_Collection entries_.
:::

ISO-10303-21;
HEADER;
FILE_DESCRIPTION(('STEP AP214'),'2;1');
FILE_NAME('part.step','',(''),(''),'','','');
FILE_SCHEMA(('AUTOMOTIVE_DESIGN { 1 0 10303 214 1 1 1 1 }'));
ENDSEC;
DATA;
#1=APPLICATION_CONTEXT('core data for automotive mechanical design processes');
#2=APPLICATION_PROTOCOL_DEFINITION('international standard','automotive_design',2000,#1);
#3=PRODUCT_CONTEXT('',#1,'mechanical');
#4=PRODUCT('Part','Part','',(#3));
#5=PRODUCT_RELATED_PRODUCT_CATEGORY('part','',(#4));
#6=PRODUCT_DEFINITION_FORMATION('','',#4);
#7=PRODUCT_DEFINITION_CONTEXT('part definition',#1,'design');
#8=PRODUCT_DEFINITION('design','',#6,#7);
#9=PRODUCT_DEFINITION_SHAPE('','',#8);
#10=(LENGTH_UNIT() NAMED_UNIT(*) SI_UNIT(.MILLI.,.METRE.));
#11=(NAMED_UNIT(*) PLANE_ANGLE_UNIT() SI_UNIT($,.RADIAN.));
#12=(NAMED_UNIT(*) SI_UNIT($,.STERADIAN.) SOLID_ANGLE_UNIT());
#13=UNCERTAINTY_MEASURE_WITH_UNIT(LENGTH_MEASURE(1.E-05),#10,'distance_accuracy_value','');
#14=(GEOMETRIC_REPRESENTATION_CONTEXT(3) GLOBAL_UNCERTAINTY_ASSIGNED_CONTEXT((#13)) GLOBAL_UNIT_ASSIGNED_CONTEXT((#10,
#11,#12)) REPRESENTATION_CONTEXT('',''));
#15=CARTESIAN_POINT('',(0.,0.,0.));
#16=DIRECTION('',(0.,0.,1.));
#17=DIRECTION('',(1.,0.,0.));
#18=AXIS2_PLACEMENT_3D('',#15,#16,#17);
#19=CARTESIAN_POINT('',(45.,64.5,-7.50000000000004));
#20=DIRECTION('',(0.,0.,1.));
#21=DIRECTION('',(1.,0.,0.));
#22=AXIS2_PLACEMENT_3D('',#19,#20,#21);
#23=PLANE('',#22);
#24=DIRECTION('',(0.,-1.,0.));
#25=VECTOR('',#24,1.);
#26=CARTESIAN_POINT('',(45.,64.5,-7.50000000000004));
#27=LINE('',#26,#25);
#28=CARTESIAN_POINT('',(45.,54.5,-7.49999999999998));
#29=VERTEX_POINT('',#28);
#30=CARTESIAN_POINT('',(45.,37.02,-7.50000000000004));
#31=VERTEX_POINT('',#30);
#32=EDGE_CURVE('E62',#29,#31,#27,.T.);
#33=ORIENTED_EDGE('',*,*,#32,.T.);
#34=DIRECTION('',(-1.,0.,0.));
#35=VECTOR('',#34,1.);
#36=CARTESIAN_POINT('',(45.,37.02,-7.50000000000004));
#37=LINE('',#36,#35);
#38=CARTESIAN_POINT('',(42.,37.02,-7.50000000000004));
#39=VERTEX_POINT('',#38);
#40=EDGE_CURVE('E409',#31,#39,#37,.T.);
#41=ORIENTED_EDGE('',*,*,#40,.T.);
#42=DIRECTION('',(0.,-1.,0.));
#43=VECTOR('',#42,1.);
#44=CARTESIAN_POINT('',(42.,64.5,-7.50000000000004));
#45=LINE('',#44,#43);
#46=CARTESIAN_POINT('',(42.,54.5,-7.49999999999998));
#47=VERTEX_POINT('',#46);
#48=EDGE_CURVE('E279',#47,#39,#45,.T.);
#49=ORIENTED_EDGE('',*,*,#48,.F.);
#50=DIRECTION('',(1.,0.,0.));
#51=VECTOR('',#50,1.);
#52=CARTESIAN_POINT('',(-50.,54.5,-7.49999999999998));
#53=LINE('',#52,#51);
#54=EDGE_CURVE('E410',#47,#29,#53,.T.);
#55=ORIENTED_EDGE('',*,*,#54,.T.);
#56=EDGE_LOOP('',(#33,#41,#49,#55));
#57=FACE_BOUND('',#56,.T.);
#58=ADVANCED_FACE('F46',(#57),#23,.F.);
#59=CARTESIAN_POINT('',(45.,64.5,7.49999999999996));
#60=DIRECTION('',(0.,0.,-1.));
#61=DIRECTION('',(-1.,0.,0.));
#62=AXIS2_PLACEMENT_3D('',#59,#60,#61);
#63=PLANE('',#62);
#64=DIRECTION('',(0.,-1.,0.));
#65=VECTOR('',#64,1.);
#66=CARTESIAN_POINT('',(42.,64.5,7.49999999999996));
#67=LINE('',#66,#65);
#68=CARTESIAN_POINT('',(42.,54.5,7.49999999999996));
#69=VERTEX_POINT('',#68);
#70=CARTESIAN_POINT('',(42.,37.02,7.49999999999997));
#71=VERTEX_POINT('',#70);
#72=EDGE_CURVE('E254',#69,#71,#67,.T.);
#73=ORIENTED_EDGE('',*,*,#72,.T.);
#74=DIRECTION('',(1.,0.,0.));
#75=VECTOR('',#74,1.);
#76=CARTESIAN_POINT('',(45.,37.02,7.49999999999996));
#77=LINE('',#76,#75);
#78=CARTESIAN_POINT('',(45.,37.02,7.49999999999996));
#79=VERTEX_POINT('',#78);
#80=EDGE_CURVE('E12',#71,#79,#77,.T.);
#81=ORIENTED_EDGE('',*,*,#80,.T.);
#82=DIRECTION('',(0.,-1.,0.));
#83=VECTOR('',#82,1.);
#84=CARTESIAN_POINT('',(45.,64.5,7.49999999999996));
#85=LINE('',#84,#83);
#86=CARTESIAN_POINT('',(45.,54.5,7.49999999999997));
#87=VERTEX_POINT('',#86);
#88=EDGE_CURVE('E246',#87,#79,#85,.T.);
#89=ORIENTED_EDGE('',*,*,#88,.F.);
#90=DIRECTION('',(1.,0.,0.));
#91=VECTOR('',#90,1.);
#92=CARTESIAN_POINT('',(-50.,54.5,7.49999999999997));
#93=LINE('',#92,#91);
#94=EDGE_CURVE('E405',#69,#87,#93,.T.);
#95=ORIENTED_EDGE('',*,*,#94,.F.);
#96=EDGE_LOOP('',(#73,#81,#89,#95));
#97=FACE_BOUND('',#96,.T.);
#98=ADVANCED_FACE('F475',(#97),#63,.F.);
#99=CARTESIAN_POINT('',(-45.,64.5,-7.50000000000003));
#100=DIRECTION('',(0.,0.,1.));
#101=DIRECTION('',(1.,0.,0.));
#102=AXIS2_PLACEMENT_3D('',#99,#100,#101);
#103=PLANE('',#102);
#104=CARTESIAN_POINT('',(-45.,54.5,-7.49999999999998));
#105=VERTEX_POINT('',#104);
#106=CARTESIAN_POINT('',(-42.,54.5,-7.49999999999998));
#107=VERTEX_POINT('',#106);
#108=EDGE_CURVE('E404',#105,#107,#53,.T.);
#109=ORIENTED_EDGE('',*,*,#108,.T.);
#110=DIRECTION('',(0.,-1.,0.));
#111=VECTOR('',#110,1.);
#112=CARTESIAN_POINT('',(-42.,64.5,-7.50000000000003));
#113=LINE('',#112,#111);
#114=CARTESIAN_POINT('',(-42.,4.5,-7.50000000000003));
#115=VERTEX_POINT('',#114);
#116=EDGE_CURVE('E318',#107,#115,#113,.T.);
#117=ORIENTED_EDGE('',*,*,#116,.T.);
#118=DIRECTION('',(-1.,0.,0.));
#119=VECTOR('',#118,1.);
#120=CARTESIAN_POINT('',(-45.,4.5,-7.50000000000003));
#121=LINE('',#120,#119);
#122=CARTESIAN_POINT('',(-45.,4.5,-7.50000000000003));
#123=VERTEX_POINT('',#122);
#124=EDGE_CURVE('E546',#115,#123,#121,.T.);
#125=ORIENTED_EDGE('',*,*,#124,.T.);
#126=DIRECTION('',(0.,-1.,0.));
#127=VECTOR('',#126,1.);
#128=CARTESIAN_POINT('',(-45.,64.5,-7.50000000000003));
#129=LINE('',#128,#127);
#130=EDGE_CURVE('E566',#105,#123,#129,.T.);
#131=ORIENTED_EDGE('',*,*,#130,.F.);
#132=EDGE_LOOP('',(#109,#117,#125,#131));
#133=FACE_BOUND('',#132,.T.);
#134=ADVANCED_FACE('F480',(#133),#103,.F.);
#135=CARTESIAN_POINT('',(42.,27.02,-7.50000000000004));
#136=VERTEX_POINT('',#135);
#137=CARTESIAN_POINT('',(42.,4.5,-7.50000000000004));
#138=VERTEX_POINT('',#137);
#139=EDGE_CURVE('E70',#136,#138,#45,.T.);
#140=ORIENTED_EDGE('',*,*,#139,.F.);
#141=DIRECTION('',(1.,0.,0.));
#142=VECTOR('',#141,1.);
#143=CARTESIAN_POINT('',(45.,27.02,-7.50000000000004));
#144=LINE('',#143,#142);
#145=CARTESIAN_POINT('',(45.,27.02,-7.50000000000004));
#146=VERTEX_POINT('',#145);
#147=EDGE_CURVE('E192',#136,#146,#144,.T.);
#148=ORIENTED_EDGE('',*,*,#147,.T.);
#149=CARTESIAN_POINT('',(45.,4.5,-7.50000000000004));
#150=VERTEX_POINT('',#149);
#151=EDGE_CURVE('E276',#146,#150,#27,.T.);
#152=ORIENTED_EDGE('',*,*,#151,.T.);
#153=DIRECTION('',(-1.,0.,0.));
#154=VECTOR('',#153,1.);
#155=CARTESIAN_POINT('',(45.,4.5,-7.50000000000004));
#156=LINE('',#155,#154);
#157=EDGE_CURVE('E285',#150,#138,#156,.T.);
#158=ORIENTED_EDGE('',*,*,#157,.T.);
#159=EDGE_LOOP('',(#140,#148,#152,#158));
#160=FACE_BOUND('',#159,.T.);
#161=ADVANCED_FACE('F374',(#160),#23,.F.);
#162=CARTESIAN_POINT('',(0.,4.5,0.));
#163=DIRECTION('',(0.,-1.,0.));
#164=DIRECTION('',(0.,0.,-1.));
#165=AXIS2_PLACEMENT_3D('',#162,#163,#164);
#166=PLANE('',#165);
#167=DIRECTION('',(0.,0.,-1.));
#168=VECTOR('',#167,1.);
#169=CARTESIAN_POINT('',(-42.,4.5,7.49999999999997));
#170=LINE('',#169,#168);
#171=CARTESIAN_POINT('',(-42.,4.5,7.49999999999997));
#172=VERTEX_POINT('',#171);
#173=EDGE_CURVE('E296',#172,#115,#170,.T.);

:::

_Problem details_. The first line of the entries, the line with "#5=PRODUCT_RELATED_PRODUCT_CATEGORY('part','',(#4));", and every line between them should be retyped exactly, and nothing else.

_Solution below_.
ISO-10303-21;
HEADER;
FILE_DESCRIPTION(('STEP AP214'),'2;1');
FILE_NAME('part.step','',(''),(''),'','','');
FILE_SCHEMA(('AUTOMOTIVE_DESIGN { 1 0 10303 214 1 1 1 1 }'));
ENDSEC;
DATA;
#1=APPLICATION_CONTEXT('core data for automotive mechanical design processes');
#2=APPLICATION_PROTOCOL_DEFINITION('international standard','automotive_design',2000,#1);
#3=PRODUCT_CONTEXT('',#1,'mechanical');
#4=PRODUCT('Part','Part','',(#3));
#5=PRODUCT_RELATED_PRODUCT_CATEGORY('part','',(#4));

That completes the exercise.